We leased a Nissan Rogue and the CVT tranny needs replacing. They’re saying it’s our financial responsibility at 62K miles. The transmission was under warranty til 60K miles. We leased paying for an extra 30K miles (believe 90K mile lease) if that’s any help (pre-paid lease).
I’d love to hear someone with an angle that we’re not responsible
BTW, this is the 3rd CVT transmission (all in different cars). Imagine its only a matter of time before these seem to fail = avoid like the plague. My $0.02.
Warranty is warranty. You can try to speak to Nissan that its only 2k miles out of warranty and maybe the dealer but will be uphill battle. See if this is occurring to many nisan cars out there and try to present facts. Go to better business bureau, the authority that deals with regulating cars, etc. However, again this has 1% chance maybe and you might have to pay and maybe get some refund later. Turn on the charm too.
If the warranty ended at 60k, and you are currently at 62k, I’m not sure why you’d think you wouldn’t be responsible. Sometimes you can get a dealer service manager to push it through as a goodwill being that close to the warranty mileage cut-off, but that’s not a guarantee.
FYI…going in with your fists pounding against the counter will not help your cause. Kill them with kindness if you have any hope.
No different than if you were financing the car. If the warranty is over than you need to pay. This is one of the perks of leasing, the lease ends before the warranty ends unless…
Those CVTs are garbage… I had 2 replaced in my old sentra before it hit 60k miles(college days). I used to work at a Nissan Dealership and they would consistently be replacing them on Altimas.
Has the transmission acted up before? If yes then you can try to lean on the fact that they didn’t do the repair right. That’s a whole different conversation.
I’m not even going to comment on you leasing for that amount of miles. You’re going to be 30k miles in this car without warranty?
Or just turn it in early, is it somewhat drive able? Take it to another dealer and end the lease early, inspector doesn’t drive it. As long as it can go from the front of the dealer to wherever they park lease returns. Could be allot cheaper than replacement of the tranny. Just a thought.

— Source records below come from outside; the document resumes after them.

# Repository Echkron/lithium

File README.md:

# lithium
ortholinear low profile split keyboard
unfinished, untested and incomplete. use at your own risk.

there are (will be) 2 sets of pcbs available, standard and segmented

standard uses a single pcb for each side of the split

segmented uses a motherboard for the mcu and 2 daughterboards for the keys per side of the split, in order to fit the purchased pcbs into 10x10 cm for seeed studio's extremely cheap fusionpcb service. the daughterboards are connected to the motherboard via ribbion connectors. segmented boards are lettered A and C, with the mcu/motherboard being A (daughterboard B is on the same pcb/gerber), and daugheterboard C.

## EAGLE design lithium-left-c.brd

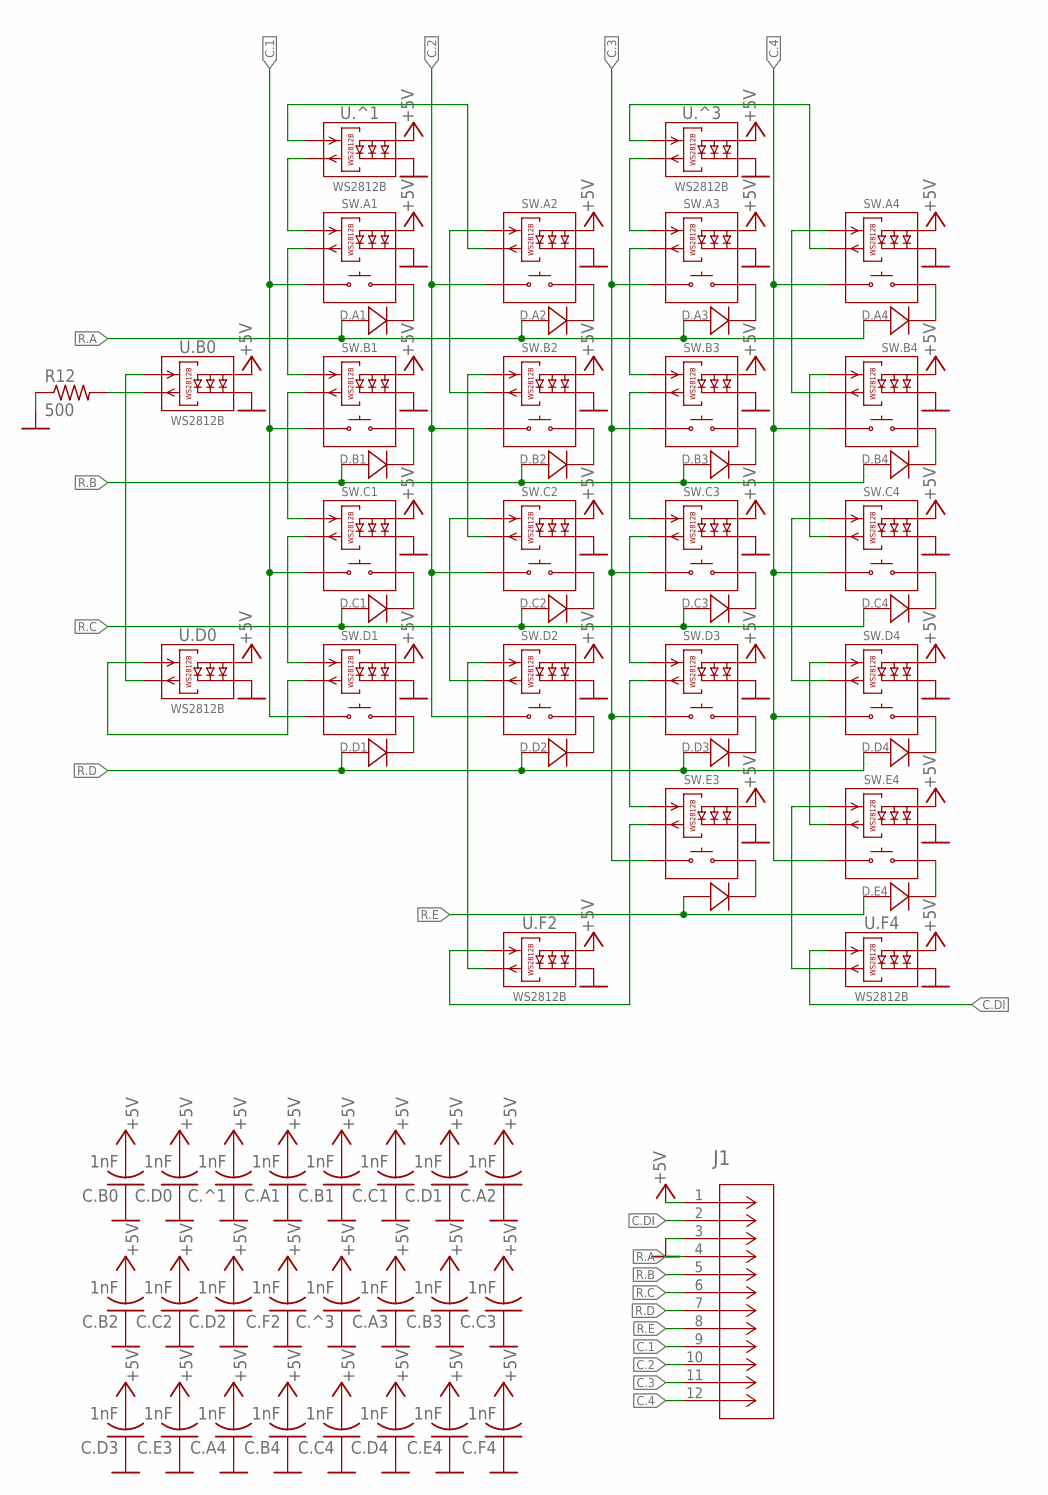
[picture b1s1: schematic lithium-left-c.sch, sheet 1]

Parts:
C.A1, C.A2, C.A3, C.A4, C.B0, C.B1, C.B2, C.B3, C.B4, C.C1, C.C2, C.C3, C.C4, C.D0, C.D1, C.D2, C.D3, C.D4, C.E3, C.E4, C.F2, C.F4, C.^1, C.^3: 1nF; C0805
D.A1, D.A2, D.A3, D.A4, D.B1, D.B2, D.B3, D.B4, D.C1, D.C2, D.C3, D.C4, D.D1, D.D2, D.D3, D.D4, D.E3, D.E4: 1N4148W; CR_48W-E3-08_VIS
J1: FFC2B28-12-G; CONN_FFC2B28-12-G_GCT
R12: 500; R0805
SW.A1, SW.A2, SW.A3, SW.A4, SW.B1, SW.B2, SW.B3, SW.B4, SW.C1, SW.C2, SW.C3, SW.C4, SW.D1, SW.D2, SW.D3, SW.D4, SW.E3, SW.E4: PG1350_LEDSD; PG1350_SD/SK68
U.B0, U.D0, U.F2, U.F4, U.^1, U.^3: WS2812B; SK68-R

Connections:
+5V: C.A1.2, C.A2.2, C.A3.2, C.A4.2, C.B0.2, C.B1.2, C.B2.2, C.B3.2, C.B4.2, C.C1.2, C.C2.2, C.C3.2, C.C4.2, C.D0.2, C.D1.2, C.D2.2, C.D3.2, C.D4.2, C.E3.2, C.E4.2, C.F2.2, C.F4.2, C.^1.2, C.^3.2, J1.1, SW.A1.1-VDD (VDD), SW.A2.1-VDD (VDD), SW.A3.1-VDD (VDD), SW.A4.1-VDD (VDD), SW.B1.1-VDD (VDD), SW.B2.1-VDD (VDD), SW.B3.1-VDD (VDD), SW.B4.1-VDD (VDD), SW.C1.1-VDD (VDD), SW.C2.1-VDD (VDD), SW.C3.1-VDD (VDD), SW.C4.1-VDD (VDD), SW.D1.1-VDD (VDD), SW.D2.1-VDD (VDD), SW.D3.1-VDD (VDD), SW.D4.1-VDD (VDD), SW.E3.1-VDD (VDD), SW.E4.1-VDD (VDD), U.B0.1-VDD (VDD), U.D0.1-VDD (VDD), U.F2.1-VDD (VDD), U.F4.1-VDD (VDD), U.^1.1-VDD (VDD), U.^3.1-VDD (VDD)
C.1: J1.9, SW.A1.1, SW.B1.1, SW.C1.1, SW.D1.1
C.2: J1.10, SW.A2.1, SW.B2.1, SW.C2.1, SW.D2.1
C.3: J1.11, SW.A3.1, SW.B3.1, SW.C3.1, SW.D3.1, SW.E3.1
C.4: J1.12, SW.A4.1, SW.B4.1, SW.C4.1, SW.D4.1, SW.E4.1
C.DI: J1.2, U.F4.4-DIN (DI)
GND: C.A1.1, C.A2.1, C.A3.1, C.A4.1, C.B0.1, C.B1.1, C.B2.1, C.B3.1, C.B4.1, C.C1.1, C.C2.1, C.C3.1, C.C4.1, C.D0.1, C.D1.1, C.D2.1, C.D3.1, C.D4.1, C.E3.1, C.E4.1, C.F2.1, C.F4.1, C.^1.1, C.^3.1, J1.3, R12.1, SW.A1.3-GND (GND), SW.A2.3-GND (GND), SW.A3.3-GND (GND), SW.A4.3-GND (GND), SW.B1.3-GND (GND), SW.B2.3-GND (GND), SW.B3.3-GND (GND), SW.B4.3-GND (GND), SW.C1.3-GND (GND), SW.C2.3-GND (GND), SW.C3.3-GND (GND), SW.C4.3-GND (GND), SW.D1.3-GND (GND), SW.D2.3-GND (GND), SW.D3.3-GND (GND), SW.D4.3-GND (GND), SW.E3.3-GND (GND), SW.E4.3-GND (GND), U.B0.3-GND (GND), U.D0.3-GND (GND), U.F2.3-GND (GND), U.F4.3-GND (GND), U.^1.3-GND (GND), U.^3.3-GND (GND)
unnamed: D.A1.1, SW.A1.2
unnamed: D.B1.1, SW.B1.2
unnamed: D.C1.1, SW.C1.2
unnamed: D.B2.1, SW.B2.2
unnamed: D.D1.1, SW.D1.2
unnamed: D.A2.1, SW.A2.2
unnamed: D.C2.1, SW.C2.2
unnamed: D.D2.1, SW.D2.2
unnamed: D.B3.1, SW.B3.2
unnamed: D.C3.1, SW.C3.2
unnamed: D.A3.1, SW.A3.2
unnamed: D.D3.1, SW.D3.2
unnamed: D.B4.1, SW.B4.2
unnamed: D.E3.1, SW.E3.2
unnamed: D.C4.1, SW.C4.2
unnamed: D.A4.1, SW.A4.2
unnamed: D.D4.1, SW.D4.2
unnamed: D.E4.1, SW.E4.2
unnamed: SW.A2.2-DOUT (DO), U.^1.4-DIN (DI)
unnamed: SW.D1.2-DOUT (DO), U.D0.4-DIN (DI)
unnamed: SW.A2.4-DIN (DI), SW.B2.2-DOUT (DO)
unnamed: SW.B2.4-DIN (DI), SW.C2.2-DOUT (DO)
unnamed: SW.A1.4-DIN (DI), U.^1.2-DOUT (DO)
unnamed: SW.A1.2-DOUT (DO), SW.B1.4-DIN (DI)
unnamed: SW.B1.2-DOUT (DO), SW.C1.4-DIN (DI)
unnamed: SW.C1.2-DOUT (DO), SW.D1.4-DIN (DI)
unnamed: R12.2, U.B0.2-DOUT (DO)
unnamed: SW.D3.2-DOUT (DO), SW.E3.4-DIN (DI)
unnamed: SW.C3.2-DOUT (DO), SW.D3.4-DIN (DI)
unnamed: SW.B3.2-DOUT (DO), SW.C3.4-DIN (DI)
unnamed: SW.A3.2-DOUT (DO), SW.B3.4-DIN (DI)
unnamed: SW.A3.4-DIN (DI), U.^3.2-DOUT (DO)
unnamed: SW.E3.2-DOUT (DO), U.F2.4-DIN (DI)
unnamed: U.B0.4-DIN (DI), U.D0.2-DOUT (DO)
unnamed: SW.C4.4-DIN (DI), SW.D4.2-DOUT (DO)
unnamed: SW.B4.4-DIN (DI), SW.C4.2-DOUT (DO)
unnamed: SW.A4.4-DIN (DI), SW.B4.2-DOUT (DO)
unnamed: SW.C2.4-DIN (DI), SW.D2.2-DOUT (DO)
unnamed: SW.A4.2-DOUT (DO), U.^3.4-DIN (DI)
unnamed: SW.D4.4-DIN (DI), SW.E4.2-DOUT (DO)
unnamed: SW.D2.4-DIN (DI), U.F2.2-DOUT (DO)
unnamed: SW.E4.4-DIN (DI), U.F4.2-DOUT (DO)
R.A: D.A1.2, D.A2.2, D.A3.2, D.A4.2, J1.4
R.B: D.B1.2, D.B2.2, D.B3.2, D.B4.2, J1.5
R.C: D.C1.2, D.C2.2, D.C3.2, D.C4.2, J1.6
R.D: D.D1.2, D.D2.2, D.D3.2, D.D4.2, J1.7
R.E: D.E3.2, D.E4.2, J1.8

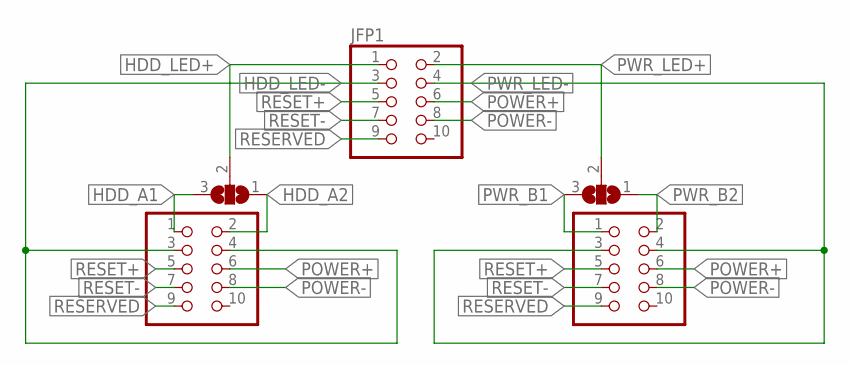
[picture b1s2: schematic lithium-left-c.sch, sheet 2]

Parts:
HDD_LED: PINHD-2X5; 2X05
JFP1: PINHD-2X5; 2X05
J_HDD: SJ2W; SJ_2
J_PWR: SJ2W; SJ_2
PWR_LED: PINHD-2X5; 2X05

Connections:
HDD_A1: HDD_LED.1, J_HDD.3
HDD_A2: HDD_LED.2, J_HDD.1
HDD_LED+: JFP1.1, J_HDD.2
HDD_LED-: HDD_LED.3, HDD_LED.4, JFP1.3
POWER+: HDD_LED.6, JFP1.6, PWR_LED.6
POWER-: HDD_LED.8, JFP1.8, PWR_LED.8
PWR_B1: J_PWR.3, PWR_LED.1
PWR_B2: J_PWR.1, PWR_LED.2
PWR_LED+: JFP1.2, J_PWR.2
PWR_LED-: JFP1.4, PWR_LED.3, PWR_LED.4
RESERVED: HDD_LED.9, JFP1.9, PWR_LED.9
RESET+: HDD_LED.5, JFP1.5, PWR_LED.5
RESET-: HDD_LED.7, JFP1.7, PWR_LED.7

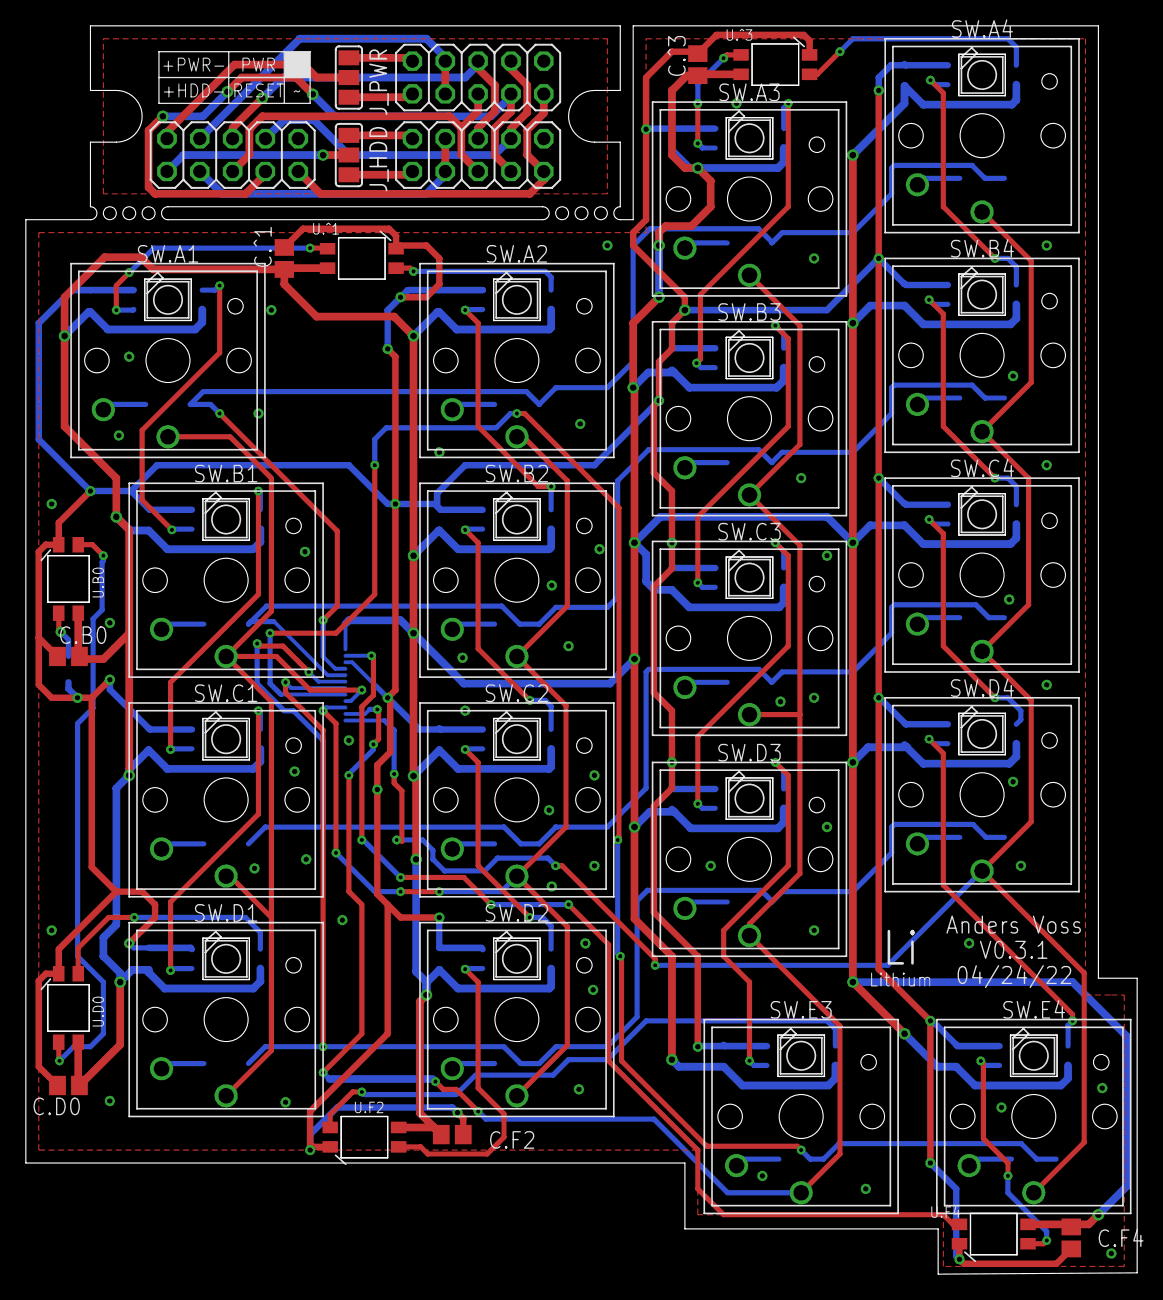
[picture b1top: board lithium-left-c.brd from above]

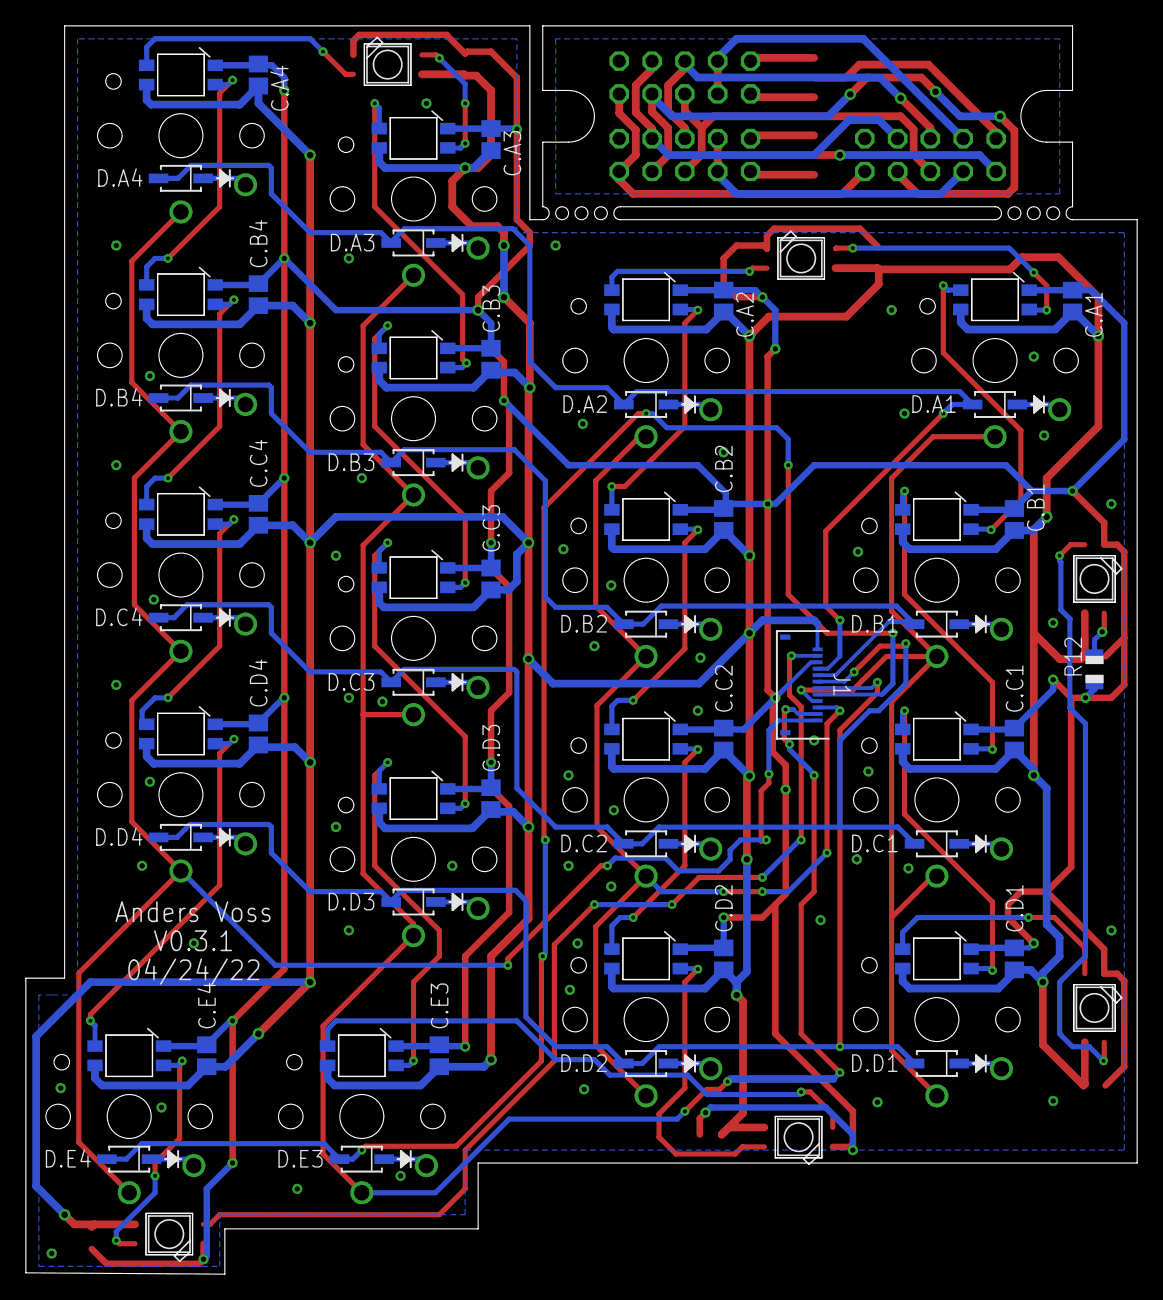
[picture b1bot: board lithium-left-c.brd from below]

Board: 2 copper layers, 85.9 x 96.5 mm, 73 parts (44 on the bottom side), 67 nets.

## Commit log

2022-04-25 Add initial daughterboard schematic and board
    daughterboard c for left hand

We ended up paying the $4K for a new transmission. Lesson learned = NO CVT in our futures.
I drove the Nissan Pathfinder - CVT failed @ 20K miles. Driving up a slight hill at @ 30MPH it would stutter.
We own a business where we provide our sales people and service men vehicles. Never again with a CVT car. Thought perhaps the lease would help/absorb/alleviate this CVT issue but not the case. We’re going to look at small Chevrolet/GM pick-up trucks moving forward.
THANKS for all the feedback!!! Appreciate having this venue to brainstorm ideas
Why would you think a lease would absorb this issue if you’re out of warranty? You paid for a 90k lease, and the factory bumper-to-bumper ended at 36k; powertrain ended at 60k. You open yourself up to risk, regardless of CVT/traditional transmission by leasing a car that will be out of warranty.